Saved entries:

——————————

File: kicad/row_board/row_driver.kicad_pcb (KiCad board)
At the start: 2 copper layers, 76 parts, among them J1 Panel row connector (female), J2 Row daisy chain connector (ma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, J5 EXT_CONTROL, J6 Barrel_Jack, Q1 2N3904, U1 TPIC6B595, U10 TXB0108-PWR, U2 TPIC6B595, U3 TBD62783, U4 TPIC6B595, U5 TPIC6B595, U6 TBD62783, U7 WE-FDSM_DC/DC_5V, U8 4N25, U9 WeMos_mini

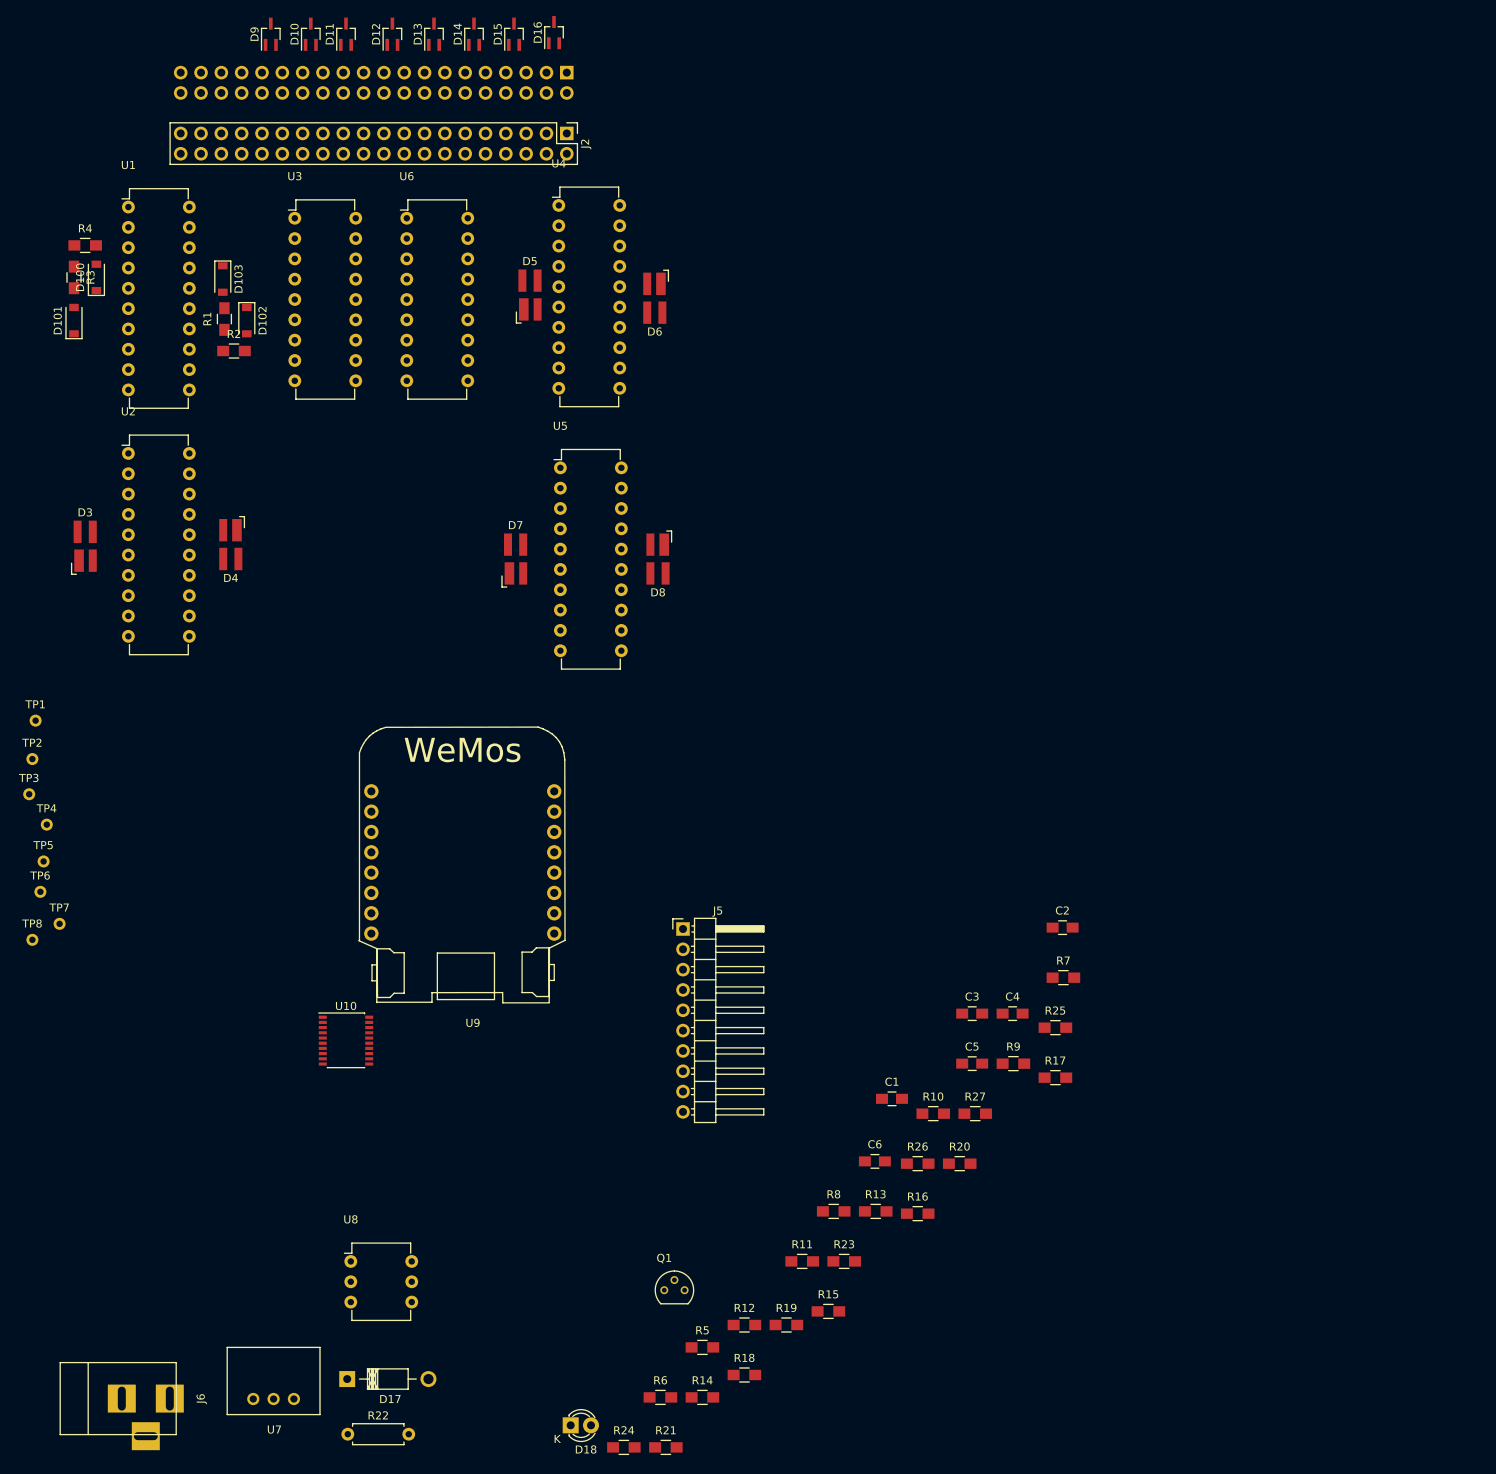
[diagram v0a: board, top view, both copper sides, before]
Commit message: Replace BAV23 with BAS16GW
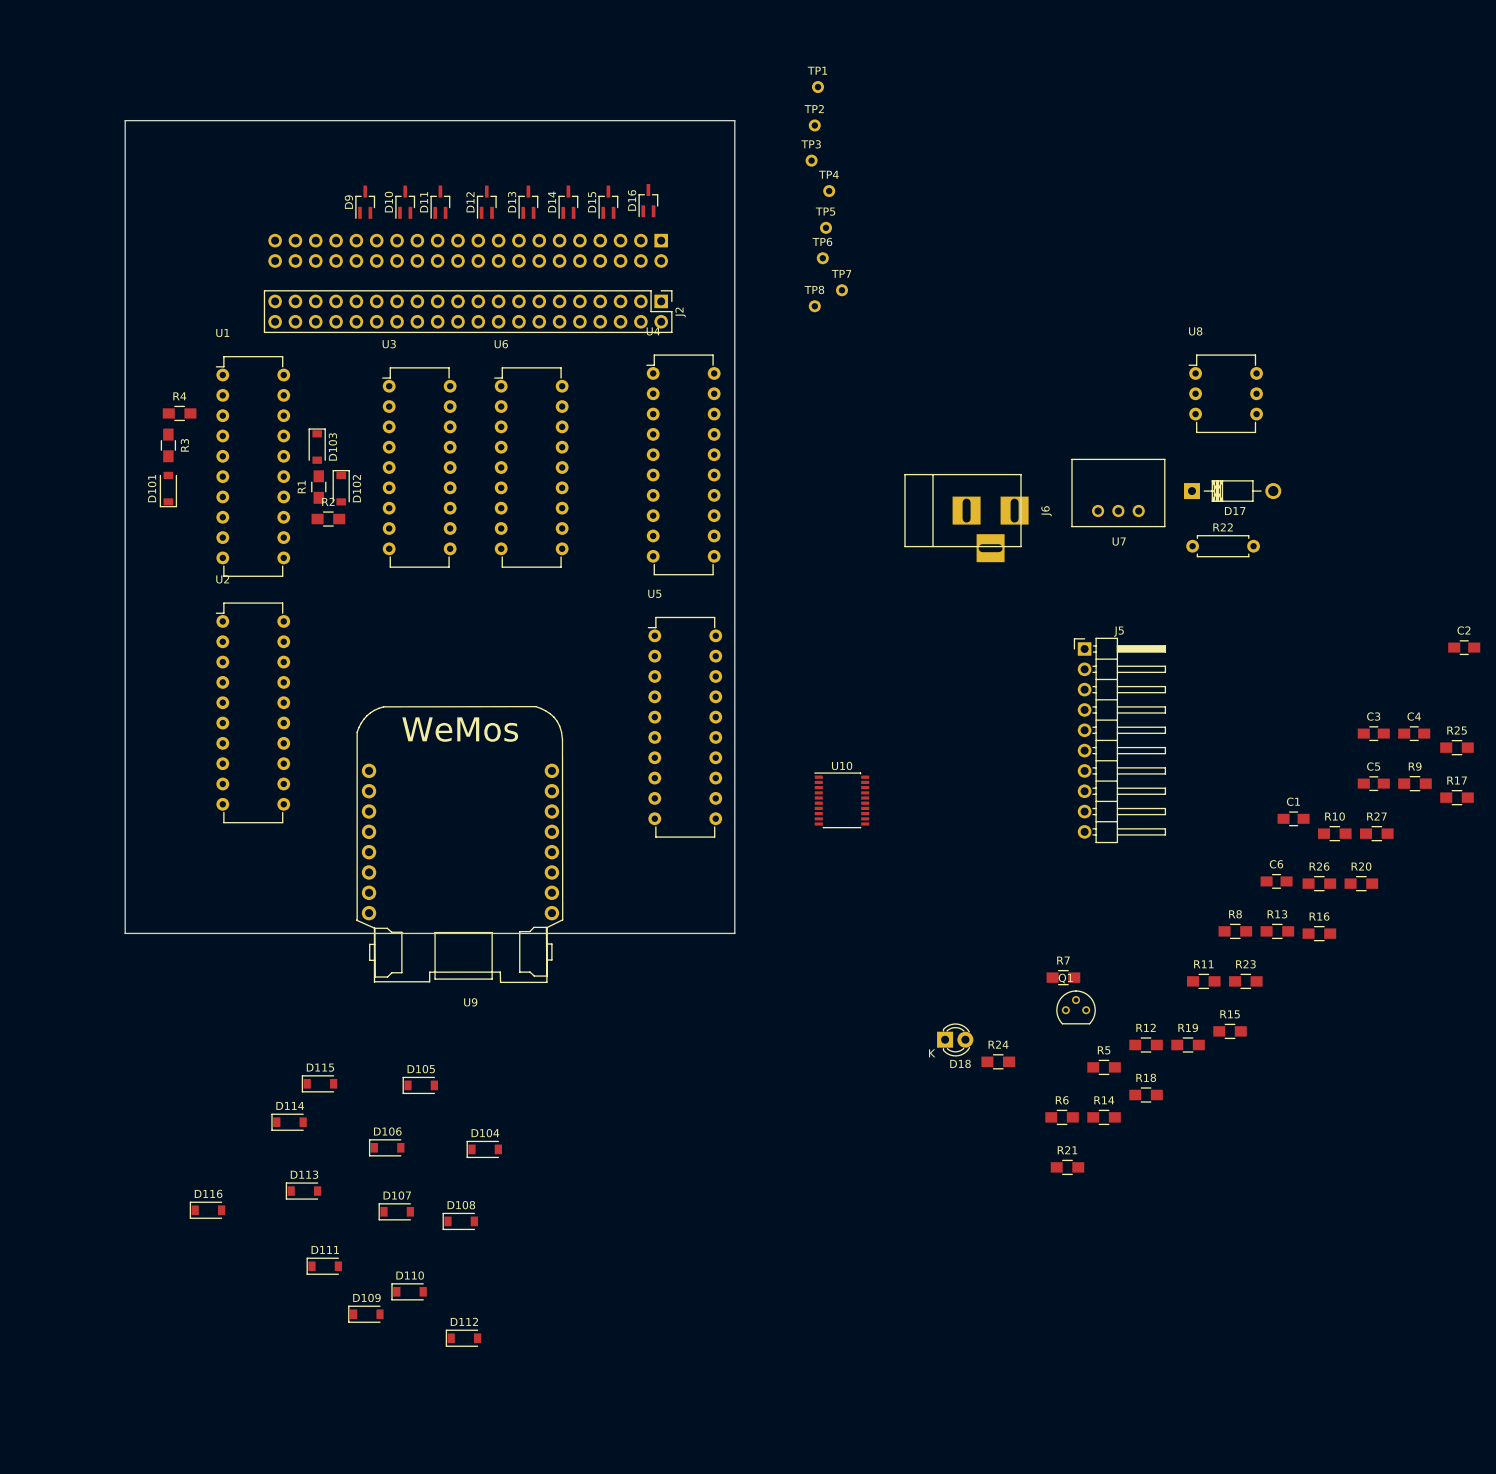
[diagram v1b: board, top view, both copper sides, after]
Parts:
- removed D100: D, Diodes_SMD:D_SOD-123
- removed D3, D4, D5, D6, D7, D8: BAV23, TO_SOT_Packages_SMD:SOT-143_Handsoldering
- added D104: BAS16GW, Diodes_SMD:D_SOD-123, F.Cu at (95.8, 154.0)
- added D105: BAS16GW, Diodes_SMD:D_SOD-123, F.Cu at (87.8, 146.0)
- added D106: BAS16GW, Diodes_SMD:D_SOD-123, F.Cu at (83.6, 153.8)
- added D107: BAS16GW, Diodes_SMD:D_SOD-123, F.Cu at (84.8, 161.8)
- added D108: BAS16GW, Diodes_SMD:D_SOD-123, F.Cu at (92.8, 163.0)
- added D109: BAS16GW, Diodes_SMD:D_SOD-123, F.Cu at (81.0, 174.6)
- added D110: BAS16GW, Diodes_SMD:D_SOD-123, F.Cu at (86.4, 171.8)
- added D111: BAS16GW, Diodes_SMD:D_SOD-123, F.Cu at (75.8, 168.6)
- added D112: BAS16GW, Diodes_SMD:D_SOD-123, F.Cu at (93.2, 177.6)
- added D113: BAS16GW, Diodes_SMD:D_SOD-123, F.Cu at (73.2, 159.2)
- added D114: BAS16GW, Diodes_SMD:D_SOD-123, F.Cu at (71.4, 150.6)
- added D115: BAS16GW, Diodes_SMD:D_SOD-123, F.Cu at (75.2, 145.8)
- added D116: BAS16GW, Diodes_SMD:D_SOD-123, F.Cu at (61.2, 161.6)
- D101, D102, D103: value D -> BAS16GW
- moved R22 153.2 mm to (184.2, 78.6)
- moved U8 153.2 mm to (184.6, 57.0)
- moved D17 153.2 mm to (184.1, 71.7)
- moved J6 153.2 mm to (155.8, 74.1)
- moved U7 153.2 mm to (174.9, 71.9)
- moved TP2 125.8 mm to (137.0, 26.0)
- moved TP1 125.8 mm to (137.4, 21.2)
- moved TP4 125.8 mm to (138.8, 34.2)
- moved TP5 125.8 mm to (138.4, 38.8)
- moved TP7 125.8 mm to (140.4, 46.6)
- moved TP3 125.8 mm to (136.6, 30.4)
- moved TP6 125.8 mm to (138.0, 42.6)
- moved TP8 125.8 mm to (137.0, 48.6)
- moved U10 68.9 mm to (140.4, 110.4)
- moved D18 67.2 mm to (153.3, 140.3)
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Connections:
- D101 pad 1: ROW15_L -> ROW16_L
- D102 pad 1: ROW14_L -> ROW15_L
- D103 pad 1: ROW13_L -> ROW14_L
- R1 pad 2: Net-(D103-Pad2) -> Net-(D104-Pad2)
- R2 pad 2: Net-(D102-Pad2) -> Net-(D103-Pad2)
- R3 pad 2: Net-(D101-Pad2) -> Net-(D102-Pad2)
- R4 pad 2: Net-(D100-Pad2) -> Net-(D101-Pad2)
- U1 pad 14: Net-(D102-Pad2) -> Net-(D103-Pad2)
- U1 pad 16: Net-(D103-Pad2) -> Net-(D104-Pad2)
- U1 pad 4: Net-(D100-Pad2) -> Net-(D101-Pad2)
- U1 pad 6: Net-(D101-Pad2) -> Net-(D102-Pad2)
- U3 pad 1: Net-(D100-Pad2) -> Net-(D101-Pad2)
- U3 pad 2: Net-(D101-Pad2) -> Net-(D102-Pad2)
- U3 pad 3: Net-(D102-Pad2) -> Net-(D103-Pad2)
- U3 pad 4: Net-(D103-Pad2) -> Net-(D104-Pad2)
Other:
- board outline added: 76.2 x 101.6 mm

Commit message: Begin layout
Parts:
- added J3: Conn_01x04, Connector_JST:JST_VH_B4PS-VH_1x04_P3.96mm_Horizontal, F.Cu at (109.8, 108.7)
- added J4: Conn_02x05_Odd_Even, Connectors:IDC_Header_Straight_10pins, F.Cu at (32.0, 107.7)
- added R28: 2K7, lib_fp:R_0805, F.Cu at (30.0, 70.1)
- C1, C2, C3, C4, C5, C6: footprint Capacitors_SMD:C_0805_HandSoldering -> lib_fp:C_0805
- D10, D11, D12, D13, D14, D15, D16, D9: footprint TO_SOT_Packages_SMD:SOT-323_SC-70_Handsoldering -> TO_SOT_Packages_SMD:SOT-323_SC-70
- D101, D102, D103, D104, D105, D106, D107, D108, D109, D110, D111, D112, D113, D114, D115, D116: footprint Diodes_SMD:D_SOD-123 -> lib_fp:D_SOD-123
- J2: footprint Pin_Headers:Pin_Header_Straight_2x20_Pitch2.54mm -> Connectors:IDC_Header_Straight_40pins
- J5: value EXT_CONTROL -> Conn_01x10
- R1, R10, R11, R12, R13, R14, R15, R16, R17, R18, R19, R2, R20, R21, R23, R24, R25, R26, R27, R3, R4, R5, R6, R7, R8, R9: footprint Resistors_SMD:R_0805_HandSoldering -> lib_fp:R_0805
- moved R17 199.0 mm to (33.5, 33.5)
- moved R25 190.9 mm to (35.1, 46.7)
- moved D17 186.4 mm to (-0.39, 45.6)
- moved R22 186.4 mm to (-0.31, 52.5)
- moved U8 186.4 mm to (0.07, 30.9)
- moved C5 185.5 mm to (34.5, 39.6), turned to 90 degrees
- moved C6 183.5 mm to (31.5, 36.6)
- moved Q1 182.5 mm to (14.0, 39.4)
- moved R23 177.3 mm to (29.8, 58.8)
- moved D18 176.6 mm to (14.0, 31.8)
- moved R20 175.6 mm to (49.4, 40.0)
- moved R27 175.6 mm to (51.3, 33.8)
- moved R26 170.0 mm to (48.3, 44.2)
- moved C1 160.1 mm to (43.7, 66.0)
- moved R21 158.3 mm to (53.3, 47.8)
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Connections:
- net /COL_EN renamed ~COL_EN
- net /COL_EN_3v3 renamed ~COL_EN_3v3
- net /RC_CLR renamed ~RC_CLR
- net /RC_CLR_3v3 renamed ~RC_CLR_3v3
- net /ROW_EN renamed ~ROW_EN
- net /ROW_EN_3v3 renamed ~ROW_EN_3v3
- net /SENSE renamed ~SENSE
- net ROW_DATA_OUT renamed RC_DATA_OUT
- R1 pad 2: Net-(D104-Pad2) -> Net-(D101-Pad2)
- R10 pad 2: Net-(D111-Pad2) -> Net-(D110-Pad2)
- R11 pad 2: Net-(D110-Pad2) -> Net-(D111-Pad2)
- R12 pad 2: Net-(D109-Pad2) -> Net-(D112-Pad2)
- R2 pad 2: Net-(D103-Pad2) -> Net-(D102-Pad2)
- R3 pad 2: Net-(D102-Pad2) -> Net-(D103-Pad2)
- R4 pad 2: Net-(D101-Pad2) -> Net-(D104-Pad2)
- R9 pad 2: Net-(D112-Pad2) -> Net-(D109-Pad2)
- U10 pad 12: SENSE_EN -> Net-(U10-Pad12)
- U10 pad 9: SENSE_EN_3v3 -> Net-(U10-Pad9)
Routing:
- net ROW2_L: track 0.00 -> 9.94 mm
- net ROW1_H: track 0.00 -> 9.94 mm
- net ROW1_L: track 0.00 -> 9.94 mm
- net ROW2_H: track 0.00 -> 9.90 mm
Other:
- board size 76.2 x 101.6 mm -> 100 x 100 mm
- net class Default: via_dia 0.6 -> 1; via_drill 0.4 -> 0.5
- net class High Current added: clearance 0.2, trace_width 0.35, via_dia 1.2, via_drill 0.7
- rule trace_min: 0.2 -> 0.127
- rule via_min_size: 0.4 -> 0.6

——————————

**Task item**: Set down again, word for word, the stretch of records from the line with "- R3 pad 2: Net-(D101-Pad2)" to the line with "- U3 pad 1: Net-(D100-Pad2)", both of those lines included.

**Exercise response**:
- R3 pad 2: Net-(D101-Pad2) -> Net-(D102-Pad2)
- R4 pad 2: Net-(D100-Pad2) -> Net-(D101-Pad2)
- U1 pad 14: Net-(D102-Pad2) -> Net-(D103-Pad2)
- U1 pad 16: Net-(D103-Pad2) -> Net-(D104-Pad2)
- U1 pad 4: Net-(D100-Pad2) -> Net-(D101-Pad2)
- U1 pad 6: Net-(D101-Pad2) -> Net-(D102-Pad2)
- U3 pad 1: Net-(D100-Pad2) -> Net-(D101-Pad2)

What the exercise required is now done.